Zusätzliche Personalaufnahmen notwendiger denn je

Wien (OTS/fpd) - Die Polizistinnen und Polizisten in Wien leisten trotz trister Rahmenbedingungen hervorragende Arbeit. Es ist daher höchst an der Zeit, die sicherheitspolitischen Probleme nicht weiter zu verharmlosen bzw. zu verschleiern sondern eine gut aufgestellte -personell wie logistisch - und motivierte Polizei sicherzustellen, so der AUF-Bundesvorsitzende NAbg. Werner Herbert im Zuge der heutigen Pressekonferenz zur Wiener Klubklausur.
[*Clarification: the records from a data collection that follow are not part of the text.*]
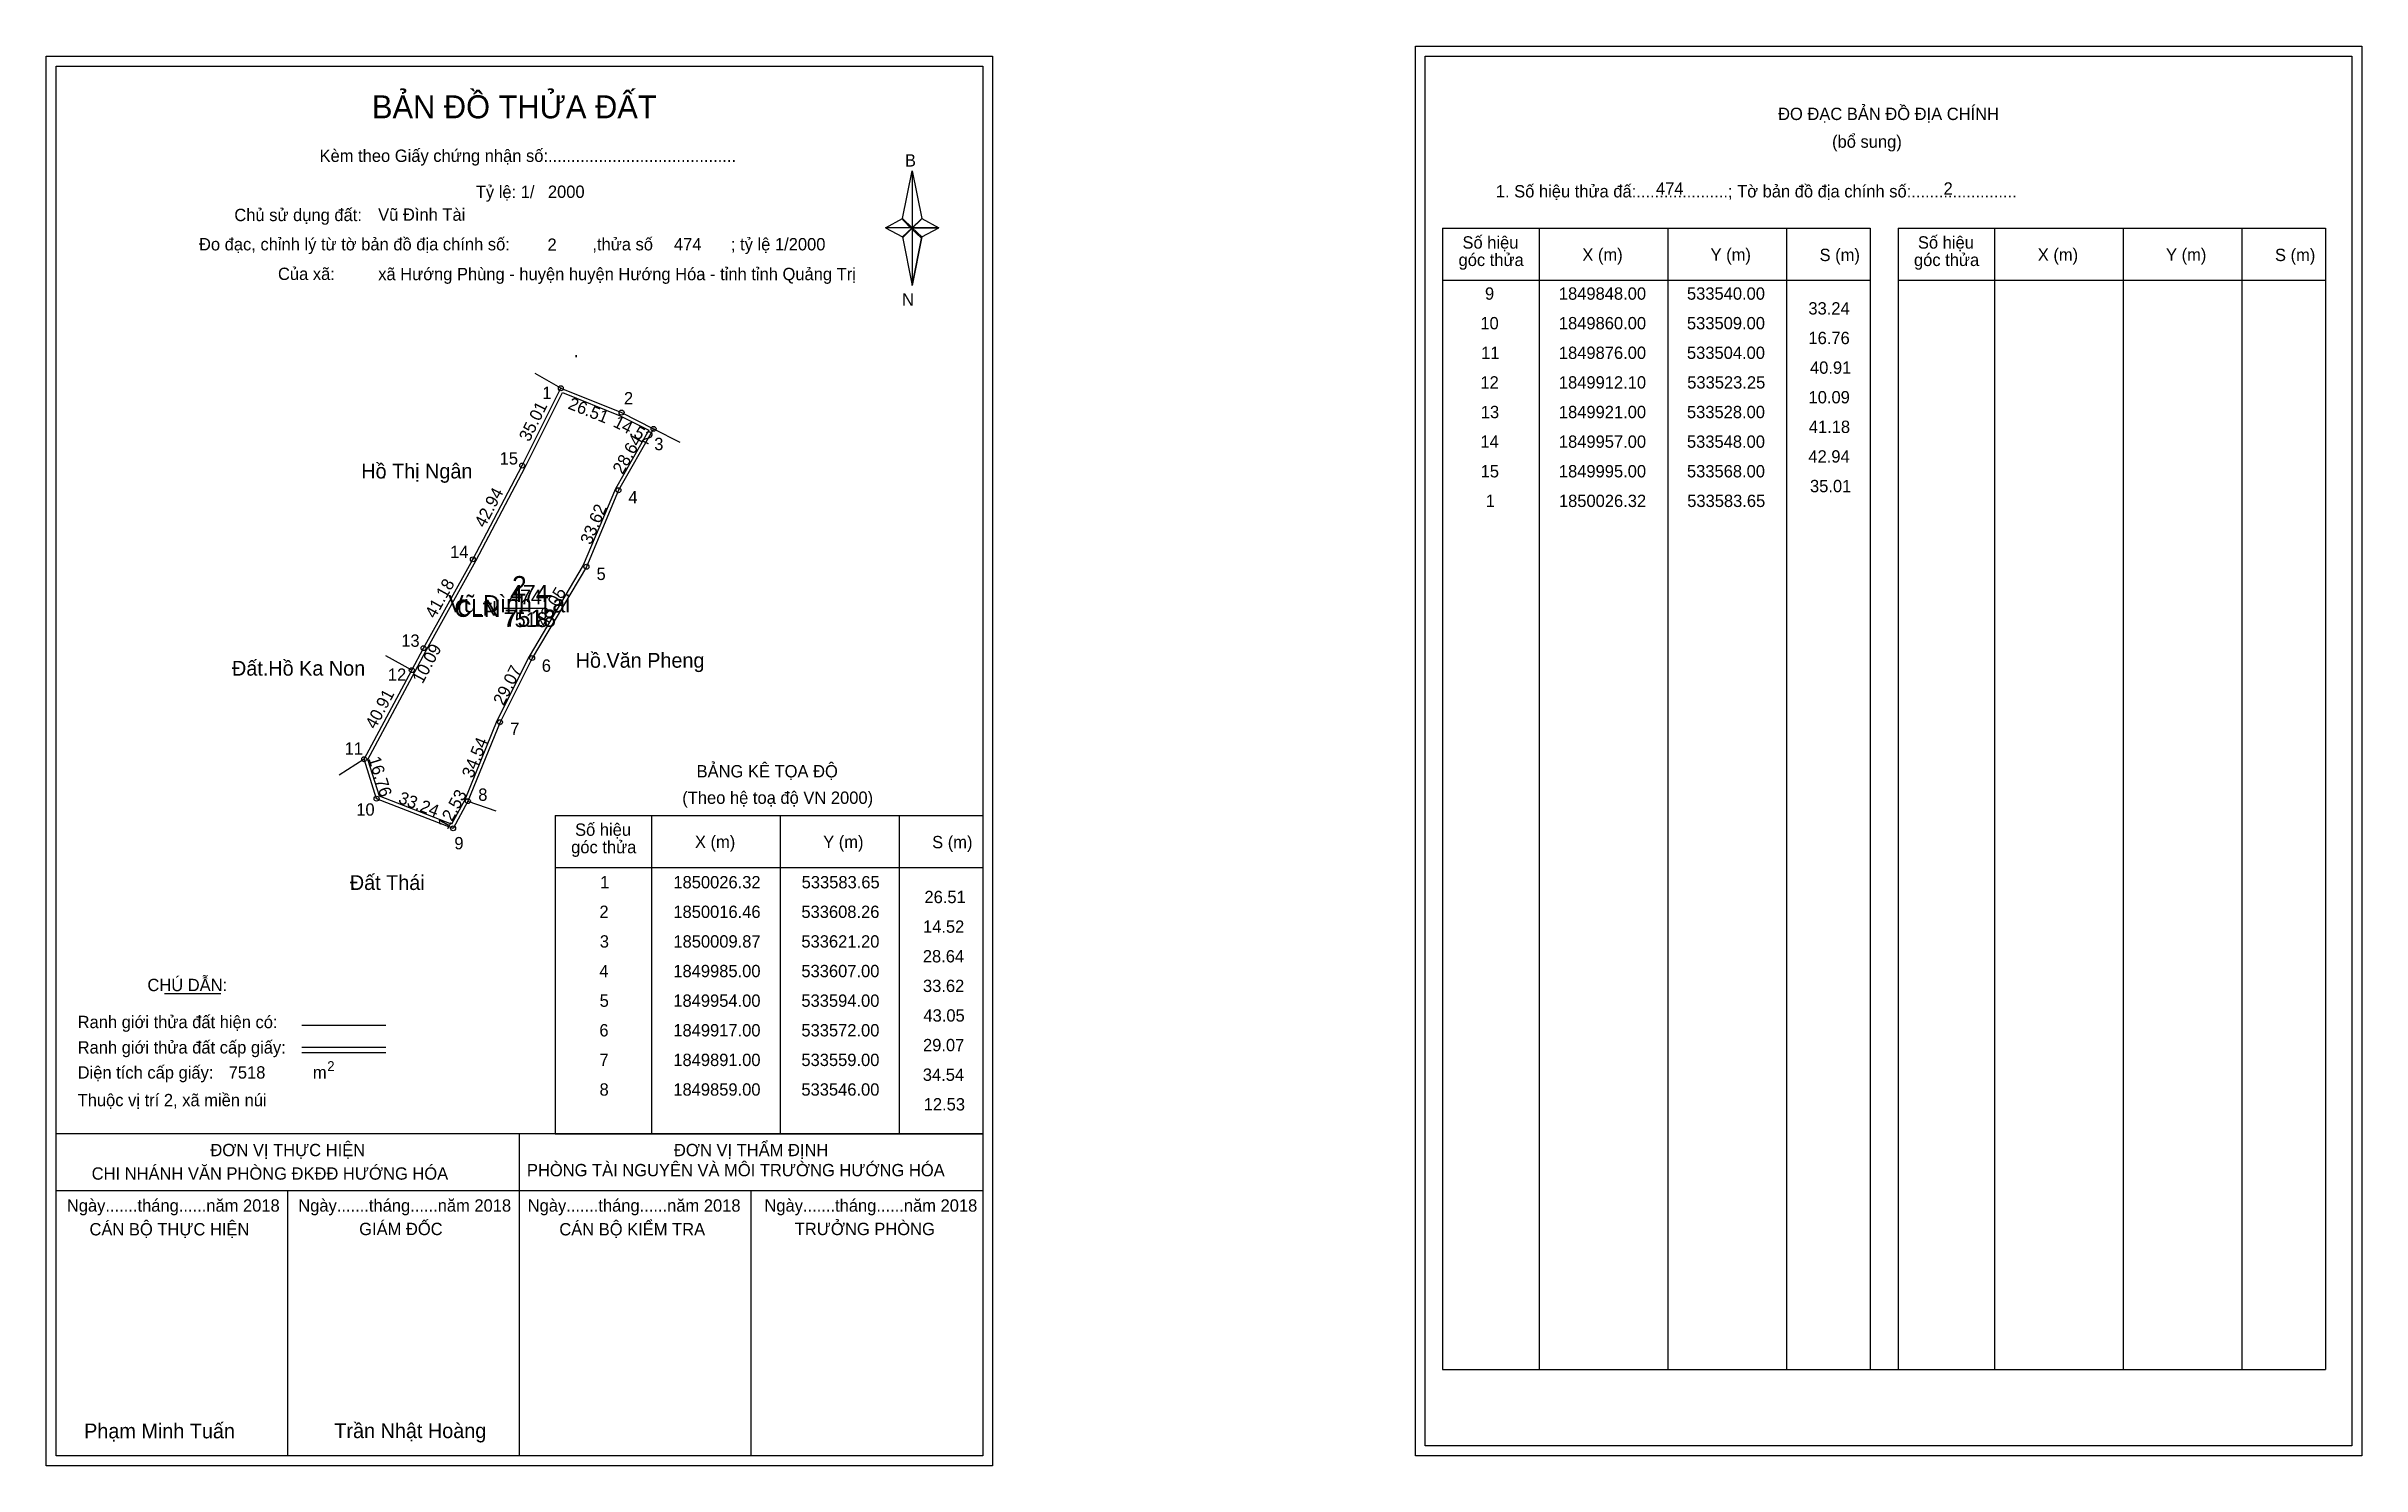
# Model space of a CAD drawing. Extents: x 533375 to 534313, y 1849590 to 1850165.
import ezdxf

# ---------------------------------------------------------------- set-up
doc = ezdxf.new("R2010")
doc.units = 0
for name, color, linetype in [('Level 1', 7, 'Continuous'), ('Level 10', 7, 'Continuous'), ('Level 11', 7, 'Continuous'), ('Level 13', 7, 'Continuous'), ('Level 2', 7, 'Continuous'), ('Level 27', 7, 'Continuous'), ('Level 3', 7, 'Continuous'), ('Level 36', 7, 'Continuous'), ('Level 4', 7, 'Continuous'), ('Level 49', 7, 'Continuous'), ('Level 5', 7, 'Continuous'), ('Level 53', 7, 'Continuous'), ('Level 55', 7, 'Continuous'), ('Level 6', 7, 'Continuous'), ('Level 60', 7, 'Continuous'), ('Level 63', 7, 'Continuous'), ('Level 7', 7, 'Continuous'), ('Level 9', 7, 'Continuous')]:
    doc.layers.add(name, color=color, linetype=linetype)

Die Wiedereinführung des "Polizeipraktikanten" als Lehrberuf wäre ein wichtiger Schritt, um dem Personalmangel entgegenzuwirken. So könnten Jugendliche in einer 3-jährigen Ausbildung den Polizeiberuf von Grund auf erlernen und auch langfristig mit dieser zusätzlichen Ausbildung bei der Polizei die erforderlichen zusätzlichen Personalressourcen sicherstellen, ist Herbert überzeugt. Zudem könne man damit auch einen wichtigen Anreiz zur Milderung der zu hohen Jugendarbeitslosigkeit schaffen und in diesem Bereich wichtige Synergien erzielen. Auch wäre es sinnvoll, mehr Anreize für Polizeischüler zu schaffen, etwa eine bessere Entlohnung.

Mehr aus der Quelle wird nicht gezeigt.